Task material:

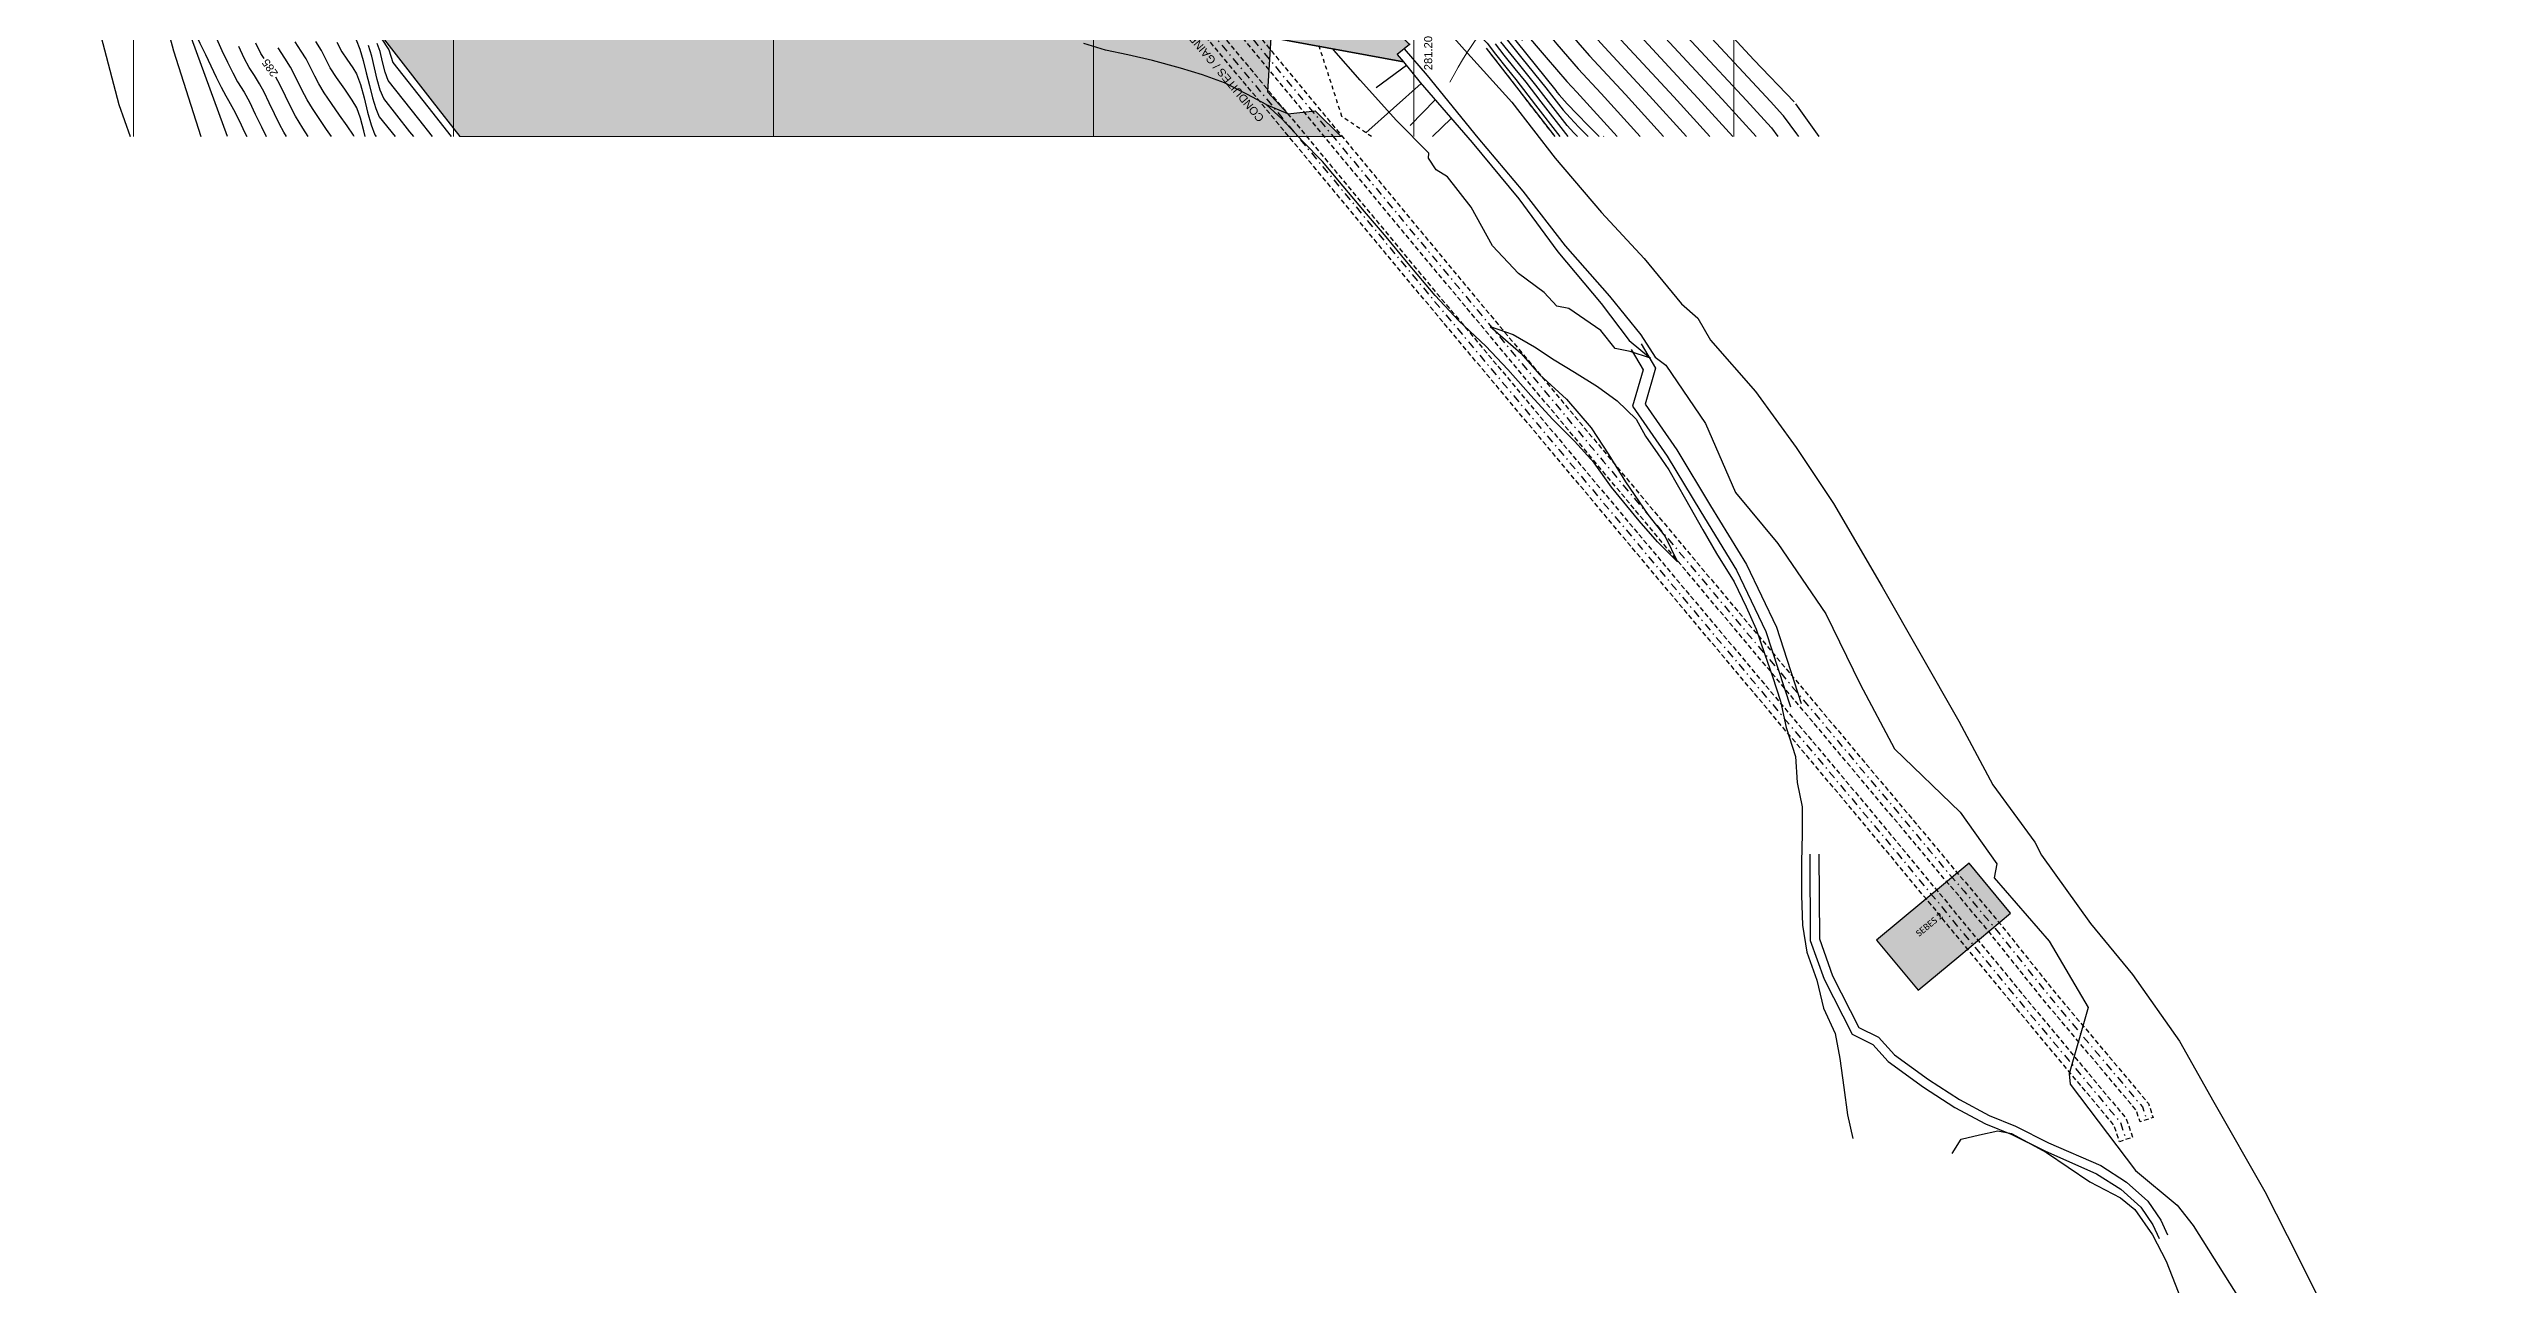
# Model space of a CAD drawing. Extents: x 62405 to 62842, y 108162 to 109685.
# Drawn here: x 62418.4 to 62608.8, y 108397.9 to 108494.4 of the extents above; entities that cross this region are included whole.
import ezdxf
from ezdxf.enums import TextEntityAlignment as Align

# ---------------------------------------------------------------- set-up
doc = ezdxf.new("R2010")
doc.units = 0
doc.header["$LTSCALE"] = 0.999976
doc.header["$MEASUREMENT"] = 0
for name, pattern in [('DOT', [0.55, 0.3, -0.25]), ('TRATTEGGIATA2', [9.525, 6.35, -3.175]), ('TRATTOPUNTO2', [12.7, 6.35, -3.175, 0, -3.175])]:
    doc.linetypes.add(name, pattern=pattern)
for name, color, linetype in [('-GZ-Bord route', 7, 'Continuous'), ('-GZ-Bâtiment', 7, 'Continuous'), ('-GZ-Talus Bas', 56, 'Continuous'), ('colore lago', 131, 'Continuous'), ('Conduite 1000', 170, 'Continuous'), ('coordinate', 2, 'Continuous'), ('curve livello 1 m', 2, 'Continuous'), ('curve livello 1m', 2, 'Continuous'), ('curve livello 5 m', 7, 'Continuous'), ('curve livello 5m', 7, 'Continuous'), ('Limite fiume', 6, 'Continuous'), ('LIN018CO', 6, 'Continuous'), ('LIN035CO', 1, 'Continuous'), ('pendenze', 2, 'Continuous'), ('Per+Mod Surf', 7, 'Continuous'), ('Strade', 7, 'Continuous'), ('TalusHautBas', 7, 'Continuous'), ('TEXT035', 1, 'Continuous')]:
    doc.layers.add(name, color=color, linetype=linetype)
doc.layers.add('0_Hatch', color=2, linetype='Continuous', lineweight=9)
doc.layers.add('Colori bordi', color=5, linetype='Continuous', plot=False)
doc.styles.add('ARIAL', font='arial.ttf')
doc.styles.add('Legend', font='calibri.ttf')

# ---------------------------------------------------------------- blocks, each defined once
blk = doc.blocks.new('quote')
at = {"layer": 'LIN018CO'}
for p, q in [((0.001, 0.001), (-0.001, -0.001)), ((0.001, -0.001), (-0.001, 0.001))]:
    blk.add_line(p, q, dxfattribs=at)
at = {"layer": 'LIN035CO'}
for p, q in [((-0.013, 0.013), (-0.106, 0.106)), ((0.106, 0.106), (0.013, 0.013)), ((-0.013, -0.013), (-0.106, -0.106)), ((0.106, -0.106), (0.013, -0.013))]:
    blk.add_line(p, q, dxfattribs=at)
at = {"layer": 'TEXT035', "style": 'ARIAL'}
blk.add_attdef('VALORE', text='', height=0.25, dxfattribs=at).set_placement((0, 0.33), align=Align.CENTER)

msp = doc.modelspace()

# ---------------------------------------------------------------- hatches: boundary and pattern name
at = {"layer": '-GZ-Bâtiment', "transparency": 33554534}
h = msp.add_hatch(color=256, dxfattribs=at)
h.dxf.hatch_style = 1
h.paths.add_polyline_path([(62567.584, 108423.465), (62571.627, 108426.834), (62568.385, 108430.745), (62561.148, 108424.741), (62564.414, 108420.828)])
at = {"layer": '0_Hatch'}
h = msp.add_hatch(color=23, dxfattribs=at)
h.dxf.hatch_style = 1
h.paths.add_polyline_path([(62483.297, 108515.684), (62482.032, 108517.097), (62480.797, 108518.624), (62479.381, 108520.094), (62478.303, 108521.736), (62477.321, 108523.279), (62476.207, 108524.706), (62475.417, 108526.585), (62474.691, 108527.672), (62474.199, 108528.908), (62473.682, 108529.326), (62472.861, 108530.056), (62471.982, 108530.92), (62470.881, 108534.491), (62470.759, 108537.242), (62470.68, 108538.889), (62471.308, 108540.459), (62471.782, 108541.391), (62472.425, 108542.8), (62472.512, 108542.945), (62471.397, 108544.28), (62471.521, 108544.381), (62471.307, 108544.63), (62468.158, 108548.302), (62467.459, 108547.562), (62466.818, 108546.48), (62466.033, 108544.564), (62465.943, 108542.034), (62464.463, 108541.58), (62464.922, 108540.056), (62465.635, 108538.368), (62466.526, 108536.084), (62467.294, 108533.586), (62467.904, 108531.734), (62468.335, 108529.356), (62469.135, 108527.456), (62470.188, 108525.91), (62471.267, 108524.698), (62472.873, 108522.774), (62474.189, 108520.808), (62475.889, 108518.535), (62477.975, 108515.927), (62480.167, 108513.315), (62482.457, 108510.57), (62484.555, 108507.662), (62486.92, 108504.999), (62489.135, 108502.419), (62490.622, 108500.479), (62491.827, 108498.973), (62493.129, 108497.806), (62494.48, 108496.495), (62496.19, 108495.56), (62497.742, 108495.099), (62499.247, 108494.765), (62500.915, 108494.258), (62502.672, 108493.881), (62504.595, 108493.435), (62506.229, 108492.99), (62508.5, 108492.315), (62510.226, 108491.698), (62512.018, 108490.794), (62513.477, 108490.005), (62515.152, 108489.294), (62513.59, 108490.987), (62513.852, 108495.246), (62509.448, 108501.151), (62508.982, 108501.068), (62506.616, 108500.849), (62505.254, 108500.524), (62503.455, 108500.237), (62501.638, 108500.05), (62499.811, 108499.923), (62498.418, 108499.75), (62497.259, 108500.191), (62496.031, 108500.762), (62495.132, 108501.512), (62493.506, 108503.289), (62492.119, 108504.715), (62490.787, 108506.486), (62489.29, 108508.763), (62487.365, 108510.725), (62486.104, 108512.363), (62484.545, 108514.141)])
at = {"layer": 'colore lago', "ltscale": 2.5}
msp.add_hatch(color=256, dxfattribs=at).paths.add_polyline_path([(62418.386, 108536.339), (62418.985, 108535.375), (62423.804, 108527.74), (62427.401, 108522.066), (62428.917, 108522.33), (62431.999, 108520.483), (62435.209, 108517.103), (62435.248, 108508.375), (62442.532, 108497.745), (62448.327, 108490.271), (62450.507, 108487.501), (62519.333, 108487.501), (62517.305, 108489.509), (62515.162, 108489.283), (62513.477, 108490.005), (62512.018, 108490.794), (62510.226, 108491.698), (62508.5, 108492.315), (62506.793, 108492.848), (62504.595, 108493.435), (62502.672, 108493.881), (62500.915, 108494.258), (62499.247, 108494.765), (62497.742, 108495.099), (62496.19, 108495.56), (62494.48, 108496.495), (62493.129, 108497.806), (62491.827, 108498.973), (62490.622, 108500.479), (62489.135, 108502.419), (62486.92, 108504.999), (62484.555, 108507.662), (62482.457, 108510.57), (62480.167, 108513.315), (62477.975, 108515.927), (62475.889, 108518.535), (62474.189, 108520.808), (62472.873, 108522.774), (62471.267, 108524.698), (62470.188, 108525.91), (62469.135, 108527.456), (62468.335, 108529.356), (62467.904, 108531.734), (62467.294, 108533.586), (62466.526, 108536.084), (62465.635, 108538.368), (62464.922, 108540.056), (62464.463, 108541.58), (62465.943, 108542.034), (62466.033, 108544.564), (62466.818, 108546.48), (62467.459, 108547.562), (62468.158, 108548.302), (62471.307, 108544.63), (62466.582, 108550.14), (62461.323, 108555.669), (62452.234, 108564.908), (62445.975, 108571.355), (62438.597, 108578.993), (62431.968, 108586.051), (62422.759, 108596.383), (62419.614, 108600.43), (62418.386, 108602.152)])
at = {"layer": 'Limite fiume', "linetype": 'Continuous'}
h = msp.add_hatch(dxfattribs=at)
h.set_pattern_fill('DOTS', color=256, scale=5, angle=-44.99995, style=0)
h.set_pattern_definition([(225.00005426, (0.10277, -0.05915), (0.1104857485, -0.33145619904), [0, -0.3125])])
h.paths.add_polyline_path([(62504.878, 108507.605), (62505.742, 108508.232), (62505.354, 108508.795), (62505.963, 108509.256), (62498.597, 108519.418), (62499.167, 108519.911), (62493.894, 108527.02), (62493.514, 108526.744), (62492.516, 108530.934), (62507.543, 108513.616), (62507.737, 108513.778), (62513.187, 108507.255), (62513.381, 108507.417), (62516.504, 108503.679), (62516.063, 108503.311), (62524.715, 108494.745), (62523.716, 108493.9), (62524.201, 108493.33), (62513.852, 108495.246)])

# ---------------------------------------------------------------- linework, layer by layer
at = {"layer": '-GZ-Bord route', "flags": 128}
for points in [[(62526.923, 108496.587), (62528.963, 108494.262), (62532.655, 108490.199), (62536.044, 108485.802), (62539.657, 108481.557), (62542.999, 108477.964), (62545.92, 108474.437), (62547.194, 108473.324), (62548.174, 108471.599), (62551.701, 108467.593), (62554.873, 108463.21), (62557.798, 108458.833), (62561.58, 108452.323), (62567.572, 108441.839), (62570.243, 108436.854), (62573.522, 108432.386), (62574.025, 108431.383), (62577.857, 108426.024), (62581.136, 108422.039), (62584.812, 108416.842), (62587.506, 108412.084), (62591.478, 108405.1), (62594.117, 108399.932), (62597.431, 108393.285)], [(62524.257, 108494.358), (62526.047, 108492.26), (62530.006, 108487.406), (62533.516, 108483.239), (62536.826, 108478.97), (62540.293, 108475.022), (62542.743, 108472.014), (62543.871, 108470.276), (62544.705, 108469.642), (62547.803, 108465.079), (62550.133, 108459.698), (62553.446, 108455.723), (62557.187, 108450.23), (62559.878, 108444.72), (62562.553, 108439.676), (62567.672, 108434.728), (62570.547, 108430.702), (62570.352, 108429.609), (62574.641, 108424.66), (62577.69, 108419.463), (62576.189, 108414.3), (62576.278, 108413.479), (62581.377, 108406.751), (62584.625, 108404.037), (62585.885, 108402.435), (62589.485, 108396.756)]]:
    msp.add_lwpolyline(points, dxfattribs=at)
at = {"layer": '-GZ-Bâtiment', "flags": 128}
msp.add_lwpolyline([(62567.584, 108423.465), (62571.627, 108426.834), (62568.385, 108430.745), (62561.148, 108424.741), (62564.414, 108420.828), (62567.584, 108423.465)], dxfattribs=at)
at = {"layer": '-GZ-Talus Bas', "flags": 128}
msp.add_lwpolyline([(62530.968, 108472.656), (62533.382, 108470.569), (62534.819, 108468.903), (62536.939, 108466.988), (62538.866, 108464.743), (62540.236, 108462.643), (62541.541, 108460.536), (62543.296, 108457.989), (62544.651, 108456.268), (62545.607, 108454.296)], dxfattribs=at)
at = {"ltscale": 2.5, "flags": 128}
msp.add_lwpolyline([(62513.477, 108490.005), (62515.152, 108489.294)], dxfattribs=at)
at = {"layer": 'Colori bordi', "linetype": 'Continuous', "lineweight": 0, "flags": 128}
msp.add_lwpolyline([(62442.532, 108497.745), (62448.327, 108490.271), (62450.507, 108487.501), (62519.333, 108487.501), (62517.305, 108489.509), (62515.162, 108489.283), (62513.59, 108490.987), (62513.852, 108495.246)], dxfattribs=at)
at = {"layer": 'Conduite 1000', "linetype": 'TRATTEGGIATA2', "ltscale": 0.06, "flags": 128}
for points, elevation in [([(62462.951, 108569.266), (62468.482, 108563.313), (62474.066, 108557.787), (62475.014, 108556.513), (62475.806, 108554.754), (62477.042, 108551.158), (62484.673, 108530.139), (62485.796, 108527.96), (62486.539, 108527.03), (62496.147, 108515.461), (62498.015, 108513.188), (62499.314, 108511.67), (62499.508, 108511.447), (62501.86, 108508.75), (62502.044, 108508.532), (62503.096, 108507.296), (62503.169, 108507.21), (62506.669, 108502.962), (62510.917, 108497.796), (62515.172, 108492.623), (62520.198, 108486.553), (62525.225, 108480.482), (62530.361, 108474.313), (62535.499, 108468.144), (62540.212, 108462.497), (62544.926, 108456.851), (62565.713, 108432.084), (62567.128, 108430.36), (62568.411, 108428.898), (62569.163, 108427.961), (62570.114, 108426.834), (62570.457, 108426.45), (62575.082, 108420.662), (62582.399, 108411.97), (62582.754, 108410.872), (62581.736, 108410.542), (62581.445, 108411.441), (62574.254, 108419.984), (62569.64, 108425.759), (62569.306, 108426.133), (62568.337, 108427.281), (62567.592, 108428.209), (62566.312, 108429.667), (62564.89, 108431.401), (62544.106, 108456.164), (62539.391, 108461.812), (62534.677, 108467.459), (62529.539, 108473.629), (62524.402, 108479.799), (62519.374, 108485.87), (62514.347, 108491.942), (62510.09, 108497.117), (62505.844, 108502.281), (62502.347, 108506.525), (62502.28, 108506.604), (62501.229, 108507.839), (62501.048, 108508.052), (62498.701, 108510.744), (62498.504, 108510.971), (62497.195, 108512.501), (62495.322, 108514.78), (62485.71, 108526.354), (62484.894, 108527.375), (62483.691, 108529.709), (62476.034, 108550.802), (62474.81, 108554.36), (62474.086, 108555.967), (62473.256, 108557.084), (62467.714, 108562.568), (62462.167, 108568.537)], 279.04), ([(62463.405, 108565.574), (62465.133, 108563.791), (62469.02, 108559.793), (62472.915, 108555.789), (62473.768, 108554.683), (62474.27, 108553.501), (62475.053, 108551.212), (62475.959, 108548.424), (62476.864, 108545.64), (62482.403, 108528.776), (62483.598, 108526.257), (62484.158, 108525.609), (62494.437, 108513.44), (62495.976, 108511.575), (62496.99, 108510.456), (62498.469, 108508.942), (62499.969, 108507.403), (62500.142, 108507.214), (62501.341, 108505.952), (62503.051, 108503.871), (62504.767, 108501.782), (62509.889, 108495.622), (62515.014, 108489.461), (62518.195, 108485.622), (62525.264, 108477.098), (62530.391, 108470.978), (62534.032, 108466.633), (62535.529, 108464.845), (62535.642, 108464.708), (62536.737, 108463.404), (62545.242, 108453.253), (62545.418, 108453.044), (62561.204, 108434.247), (62563.166, 108431.887), (62565.561, 108428.98), (62566.396, 108428.011), (62567.418, 108426.731), (62568.805, 108425.067), (62572.623, 108420.422), (62576.608, 108415.646), (62580.658, 108410.792), (62581.152, 108409.337), (62580.139, 108408.993), (62579.709, 108410.26), (62575.787, 108414.96), (62571.799, 108419.739), (62567.981, 108424.384), (62566.589, 108426.054), (62565.572, 108427.328), (62564.743, 108428.291), (62562.342, 108431.205), (62560.383, 108433.561), (62544.599, 108452.356), (62544.422, 108452.566), (62535.917, 108462.716), (62534.82, 108464.023), (62534.706, 108464.161), (62533.211, 108465.946), (62529.571, 108470.291), (62524.442, 108476.413), (62517.372, 108484.939), (62514.19, 108488.777), (62509.066, 108494.938), (62503.943, 108501.1), (62502.224, 108503.191), (62500.538, 108505.243), (62499.359, 108506.485), (62499.192, 108506.668), (62497.703, 108508.194), (62496.211, 108509.723), (62495.167, 108510.875), (62493.616, 108512.754), (62483.344, 108524.914), (62482.694, 108525.668), (62481.407, 108528.378), (62475.846, 108545.308), (62474.941, 108548.093), (62474.037, 108550.874), (62473.27, 108553.119), (62472.836, 108554.139), (62472.105, 108555.087), (62468.252, 108559.048), (62464.365, 108563.045), (62462.637, 108564.829)], 277.833)]:
    msp.add_lwpolyline(points, close=True, dxfattribs=dict(at, elevation=elevation))
at = {"layer": 'Conduite 1000', "linetype": 'TRATTOPUNTO2', "ltscale": 0.1, "flags": 128}
for points, elevation in [([(62462.559, 108568.901), (62468.098, 108562.94), (62473.661, 108557.435), (62474.55, 108556.24), (62475.308, 108554.557), (62476.538, 108550.98), (62484.182, 108529.924), (62485.345, 108527.667), (62486.124, 108526.692), (62495.734, 108515.121), (62497.605, 108512.844), (62498.909, 108511.32), (62499.105, 108511.096), (62501.454, 108508.401), (62501.636, 108508.186), (62502.688, 108506.95), (62502.758, 108506.868), (62506.256, 108502.622), (62510.504, 108497.456), (62514.759, 108492.282), (62519.786, 108486.211), (62524.813, 108480.14), (62529.95, 108473.971), (62535.088, 108467.802), (62539.801, 108462.154), (62544.516, 108456.507), (62565.301, 108431.742), (62566.72, 108430.013), (62568.001, 108428.553), (62568.75, 108427.621), (62569.71, 108426.484), (62570.049, 108426.105), (62574.668, 108420.323), (62581.922, 108411.705), (62582.245, 108410.707)], 279.04), ([(62463.021, 108565.201), (62464.749, 108563.418), (62468.636, 108559.42), (62472.51, 108555.438), (62473.302, 108554.411), (62473.77, 108553.31), (62474.545, 108551.043), (62475.45, 108548.258), (62476.355, 108545.474), (62481.905, 108528.577), (62483.146, 108525.962), (62483.751, 108525.261), (62494.026, 108513.097), (62495.571, 108511.225), (62496.601, 108510.09), (62498.086, 108508.568), (62499.58, 108507.036), (62499.751, 108506.85), (62500.939, 108505.597), (62502.637, 108503.531), (62504.355, 108501.441), (62509.478, 108495.28), (62514.602, 108489.119), (62517.784, 108485.281), (62524.853, 108476.755), (62529.981, 108470.634), (62533.622, 108466.289), (62535.117, 108464.503), (62535.231, 108464.366), (62536.327, 108463.06), (62544.832, 108452.909), (62545.008, 108452.7), (62560.794, 108433.904), (62562.754, 108431.546), (62565.152, 108428.636), (62565.984, 108427.67), (62567.003, 108426.392), (62568.393, 108424.725), (62572.211, 108420.08), (62576.198, 108415.303), (62580.184, 108410.526), (62580.646, 108409.165)], 277.833)]:
    msp.add_lwpolyline(points, dxfattribs=dict(at, elevation=elevation))
at = {"layer": 'coordinate', "linetype": 'Continuous', "lineweight": 0}
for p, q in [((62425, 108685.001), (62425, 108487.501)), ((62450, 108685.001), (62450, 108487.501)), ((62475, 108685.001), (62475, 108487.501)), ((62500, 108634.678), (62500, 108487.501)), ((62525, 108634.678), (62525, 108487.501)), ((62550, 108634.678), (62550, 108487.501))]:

Required action:
Restate word for word the entries above from the line with "# Drawn here: x" through the line with "doc.layers.add(name, color=color, linetype=linetype)", inclusive, leaving out everything else.

Solution for this exercise:
# Drawn here: x 62418.4 to 62608.8, y 108397.9 to 108494.4 of the extents above; entities that cross this region are included whole.
import ezdxf
from ezdxf.enums import TextEntityAlignment as Align

# ---------------------------------------------------------------- set-up
doc = ezdxf.new("R2010")
doc.units = 0
doc.header["$LTSCALE"] = 0.999976
doc.header["$MEASUREMENT"] = 0
for name, pattern in [('DOT', [0.55, 0.3, -0.25]), ('TRATTEGGIATA2', [9.525, 6.35, -3.175]), ('TRATTOPUNTO2', [12.7, 6.35, -3.175, 0, -3.175])]:
    doc.linetypes.add(name, pattern=pattern)
for name, color, linetype in [('-GZ-Bord route', 7, 'Continuous'), ('-GZ-Bâtiment', 7, 'Continuous'), ('-GZ-Talus Bas', 56, 'Continuous'), ('colore lago', 131, 'Continuous'), ('Conduite 1000', 170, 'Continuous'), ('coordinate', 2, 'Continuous'), ('curve livello 1 m', 2, 'Continuous'), ('curve livello 1m', 2, 'Continuous'), ('curve livello 5 m', 7, 'Continuous'), ('curve livello 5m', 7, 'Continuous'), ('Limite fiume', 6, 'Continuous'), ('LIN018CO', 6, 'Continuous'), ('LIN035CO', 1, 'Continuous'), ('pendenze', 2, 'Continuous'), ('Per+Mod Surf', 7, 'Continuous'), ('Strade', 7, 'Continuous'), ('TalusHautBas', 7, 'Continuous'), ('TEXT035', 1, 'Continuous')]:
    doc.layers.add(name, color=color, linetype=linetype)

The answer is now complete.